:: Task inputs ::
☆ ☆ ☆

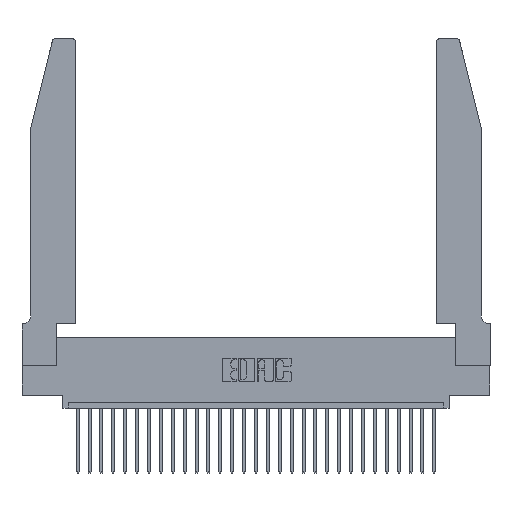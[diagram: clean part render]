
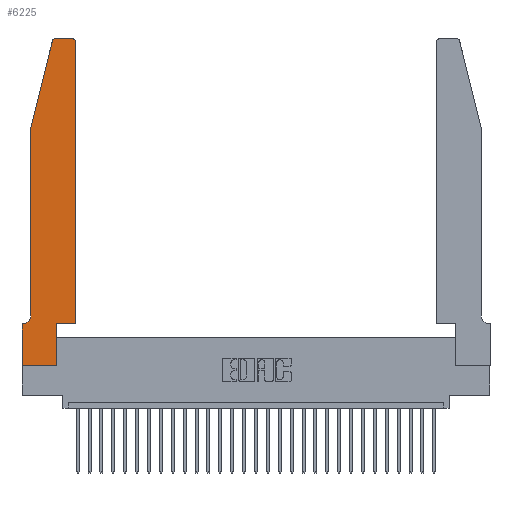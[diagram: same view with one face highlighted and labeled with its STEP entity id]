
A CAD part, top view. The second image highlights one B-rep face of the part: STEP entity #6225.
In plain terms, the highlighted planar face has unit normal (0, 0, 1).
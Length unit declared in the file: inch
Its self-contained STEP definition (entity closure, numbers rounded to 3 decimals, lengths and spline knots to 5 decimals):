
#204 = CARTESIAN_POINT ( 'NONE',  ( 0.25487, 2.72718, 0.37 ) ) ;
#391 = VERTEX_POINT ( 'NONE', #19121 ) ;
#421 = EDGE_LOOP ( 'NONE', ( #2128, #6961, #25918, #22899, #6259, #15807, #10744, #19621, #22202, #3876, #5862, #29147 ) ) ;
#1223 = LINE ( 'NONE', #3231, #29578 ) ;
#1280 = CARTESIAN_POINT ( 'NONE',  ( 0.0755, 2., 0.37 ) ) ;
#2128 = ORIENTED_EDGE ( 'NONE', *, *, #23838, .T. ) ;
#3098 = EDGE_CURVE ( 'NONE', #25629, #22246, #4081, .T. ) ;
#3231 = CARTESIAN_POINT ( 'NONE',  ( 0., 0., 0.37 ) ) ;
#3599 = LINE ( 'NONE', #19591, #11552 ) ;
#3876 = ORIENTED_EDGE ( 'NONE', *, *, #19044, .T. ) ;
#4081 = CIRCLE ( 'NONE', #7720, 0.03 ) ;
#4235 = CARTESIAN_POINT ( 'NONE',  ( 0.2605, 2.75, 0.37 ) ) ;
#4245 = DIRECTION ( 'NONE',  ( 0., 0., 1. ) ) ;
#4626 = VECTOR ( 'NONE', #8568, 39.37008 ) ;
#4817 = CIRCLE ( 'NONE', #20941, 0.03 ) ;
#4949 = DIRECTION ( 'NONE',  ( 1., 0., 0. ) ) ;
#5288 = CARTESIAN_POINT ( 'NONE',  ( 0.2865, 0.35, 0.37 ) ) ;
#5343 = DIRECTION ( 'NONE',  ( 0., -1., 0. ) ) ;
#5431 = CARTESIAN_POINT ( 'NONE',  ( 0.0055, 0.35, 0.37 ) ) ;
#5458 = CARTESIAN_POINT ( 'NONE',  ( 0., 0., 0.37 ) ) ;
#5537 = CARTESIAN_POINT ( 'NONE',  ( 0.4505, 0.35, 0.37 ) ) ;
#5543 = CARTESIAN_POINT ( 'NONE',  ( 0., 0.35, 0.37 ) ) ;
#5554 = EDGE_CURVE ( 'NONE', #16924, #20329, #3599, .T. ) ;
#5581 = LINE ( 'NONE', #5458, #11376 ) ;
#5698 = AXIS2_PLACEMENT_3D ( 'NONE', #18158, #15758, #29207 ) ;
#5771 = CIRCLE ( 'NONE', #5698, 0.07 ) ;
#5862 = ORIENTED_EDGE ( 'NONE', *, *, #27176, .T. ) ;
#5944 = DIRECTION ( 'NONE',  ( 1., 0., 0. ) ) ;
#6225 = ADVANCED_FACE ( 'NONE', ( #13643 ), #13892, .T. ) ;
#6259 = ORIENTED_EDGE ( 'NONE', *, *, #22177, .T. ) ;
#6961 = ORIENTED_EDGE ( 'NONE', *, *, #26065, .T. ) ;
#7682 = DIRECTION ( 'NONE',  ( 1., 0., 0. ) ) ;
#7720 = AXIS2_PLACEMENT_3D ( 'NONE', #15110, #26784, #8196 ) ;
#8196 = DIRECTION ( 'NONE',  ( 1., 0., 0. ) ) ;
#8568 = DIRECTION ( 'NONE',  ( -1., 0., 0. ) ) ;
#9191 = VERTEX_POINT ( 'NONE', #5431 ) ;
#9456 = DIRECTION ( 'NONE',  ( 0., 0., 1. ) ) ;
#9955 = CARTESIAN_POINT ( 'NONE',  ( 0.0755, 0.35, 0.37 ) ) ;
#9998 = VERTEX_POINT ( 'NONE', #23565 ) ;
#10503 = EDGE_CURVE ( 'NONE', #17977, #19327, #12059, .T. ) ;
#10744 = ORIENTED_EDGE ( 'NONE', *, *, #26153, .T. ) ;
#11376 = VECTOR ( 'NONE', #7682, 39.37008 ) ;
#11440 = CARTESIAN_POINT ( 'NONE',  ( 0.0755, 2., 0.37 ) ) ;
#11552 = VECTOR ( 'NONE', #17905, 39.37008 ) ;
#11664 = LINE ( 'NONE', #9955, #23479 ) ;
#12059 = LINE ( 'NONE', #19800, #16704 ) ;
#12853 = LINE ( 'NONE', #1280, #17512 ) ;
#12879 = LINE ( 'NONE', #15165, #20750 ) ;
#13643 = FACE_OUTER_BOUND ( 'NONE', #421, .T. ) ;
#13892 = PLANE ( 'NONE',  #16851 ) ;
#14283 = EDGE_CURVE ( 'NONE', #26795, #16924, #12853, .T. ) ;
#14710 = CARTESIAN_POINT ( 'NONE',  ( 0.4505, 2.72, 0.37 ) ) ;
#15110 = CARTESIAN_POINT ( 'NONE',  ( 0.4205, 2.72, 0.37 ) ) ;
#15165 = CARTESIAN_POINT ( 'NONE',  ( 0.4505, 0.35, 0.37 ) ) ;
#15432 = CARTESIAN_POINT ( 'NONE',  ( 0.4505, 0.35, 0.37 ) ) ;
#15543 = DIRECTION ( 'NONE',  ( 1., 0., 0. ) ) ;
#15758 = DIRECTION ( 'NONE',  ( 0., 0., -1. ) ) ;
#15807 = ORIENTED_EDGE ( 'NONE', *, *, #26218, .T. ) ;
#16275 = CARTESIAN_POINT ( 'NONE',  ( 0.284, 2.72, 0.37 ) ) ;
#16704 = VECTOR ( 'NONE', #22137, 39.37008 ) ;
#16851 = AXIS2_PLACEMENT_3D ( 'NONE', #5543, #4245, #15543 ) ;
#16924 = VERTEX_POINT ( 'NONE', #11440 ) ;
#17157 = LINE ( 'NONE', #4235, #4626 ) ;
#17512 = VECTOR ( 'NONE', #21937, 39.37008 ) ;
#17528 = EDGE_CURVE ( 'NONE', #9998, #17977, #5581, .T. ) ;
#17905 = DIRECTION ( 'NONE',  ( 0., -1., 0. ) ) ;
#17977 = VERTEX_POINT ( 'NONE', #29742 ) ;
#18158 = CARTESIAN_POINT ( 'NONE',  ( 0.0055, 0.42, 0.37 ) ) ;
#19044 = EDGE_CURVE ( 'NONE', #19327, #23554, #12879, .T. ) ;
#19121 = CARTESIAN_POINT ( 'NONE',  ( 0.284, 2.75, 0.37 ) ) ;
#19327 = VERTEX_POINT ( 'NONE', #5288 ) ;
#19441 = CARTESIAN_POINT ( 'NONE',  ( 0.0755, 0.42, 0.37 ) ) ;
#19591 = CARTESIAN_POINT ( 'NONE',  ( 0.0755, 2., 0.37 ) ) ;
#19621 = ORIENTED_EDGE ( 'NONE', *, *, #17528, .T. ) ;
#19800 = CARTESIAN_POINT ( 'NONE',  ( 0.2865, 0.35, 0.37 ) ) ;
#20329 = VERTEX_POINT ( 'NONE', #19441 ) ;
#20750 = VECTOR ( 'NONE', #5944, 39.37008 ) ;
#20891 = CARTESIAN_POINT ( 'NONE',  ( 0., 0.35, 0.37 ) ) ;
#20941 = AXIS2_PLACEMENT_3D ( 'NONE', #16275, #9456, #4949 ) ;
#21937 = DIRECTION ( 'NONE',  ( -0.239, -0.971, 0. ) ) ;
#22137 = DIRECTION ( 'NONE',  ( 0., 1., 0. ) ) ;
#22177 = EDGE_CURVE ( 'NONE', #20329, #9191, #5771, .T. ) ;
#22202 = ORIENTED_EDGE ( 'NONE', *, *, #10503, .T. ) ;
#22246 = VERTEX_POINT ( 'NONE', #23080 ) ;
#22899 = ORIENTED_EDGE ( 'NONE', *, *, #5554, .T. ) ;
#23050 = LINE ( 'NONE', #15432, #23798 ) ;
#23080 = CARTESIAN_POINT ( 'NONE',  ( 0.4205, 2.75, 0.37 ) ) ;
#23479 = VECTOR ( 'NONE', #23841, 39.37008 ) ;
#23554 = VERTEX_POINT ( 'NONE', #5537 ) ;
#23565 = CARTESIAN_POINT ( 'NONE',  ( 0., 0., 0.37 ) ) ;
#23798 = VECTOR ( 'NONE', #24906, 39.37008 ) ;
#23838 = EDGE_CURVE ( 'NONE', #22246, #391, #17157, .T. ) ;
#23841 = DIRECTION ( 'NONE',  ( -1., 0., 0. ) ) ;
#24597 = VERTEX_POINT ( 'NONE', #20891 ) ;
#24906 = DIRECTION ( 'NONE',  ( 0., 1., 0. ) ) ;
#25629 = VERTEX_POINT ( 'NONE', #14710 ) ;
#25918 = ORIENTED_EDGE ( 'NONE', *, *, #14283, .T. ) ;
#26065 = EDGE_CURVE ( 'NONE', #391, #26795, #4817, .T. ) ;
#26153 = EDGE_CURVE ( 'NONE', #24597, #9998, #1223, .T. ) ;
#26218 = EDGE_CURVE ( 'NONE', #9191, #24597, #11664, .T. ) ;
#26784 = DIRECTION ( 'NONE',  ( 0., 0., 1. ) ) ;
#26795 = VERTEX_POINT ( 'NONE', #204 ) ;
#27176 = EDGE_CURVE ( 'NONE', #23554, #25629, #23050, .T. ) ;
#29147 = ORIENTED_EDGE ( 'NONE', *, *, #3098, .T. ) ;
#29207 = DIRECTION ( 'NONE',  ( -1., 0., 0. ) ) ;
#29578 = VECTOR ( 'NONE', #5343, 39.37008 ) ;
#29742 = CARTESIAN_POINT ( 'NONE',  ( 0.2865, 0., 0.37 ) ) ;

☆ ☆ ☆

:: Activity ::
Beginning with the line containing "#26218 = EDGE_CURVE" in the material above, copy every line exactly until you have copied the line containing "#29207 = DIRECTION".

:: Exercise response ::
#26218 = EDGE_CURVE ( 'NONE', #9191, #24597, #11664, .T. ) ;
#26784 = DIRECTION ( 'NONE',  ( 0., 0., 1. ) ) ;
#26795 = VERTEX_POINT ( 'NONE', #204 ) ;
#27176 = EDGE_CURVE ( 'NONE', #23554, #25629, #23050, .T. ) ;
#29147 = ORIENTED_EDGE ( 'NONE', *, *, #3098, .T. ) ;
#29207 = DIRECTION ( 'NONE',  ( -1., 0., 0. ) ) ;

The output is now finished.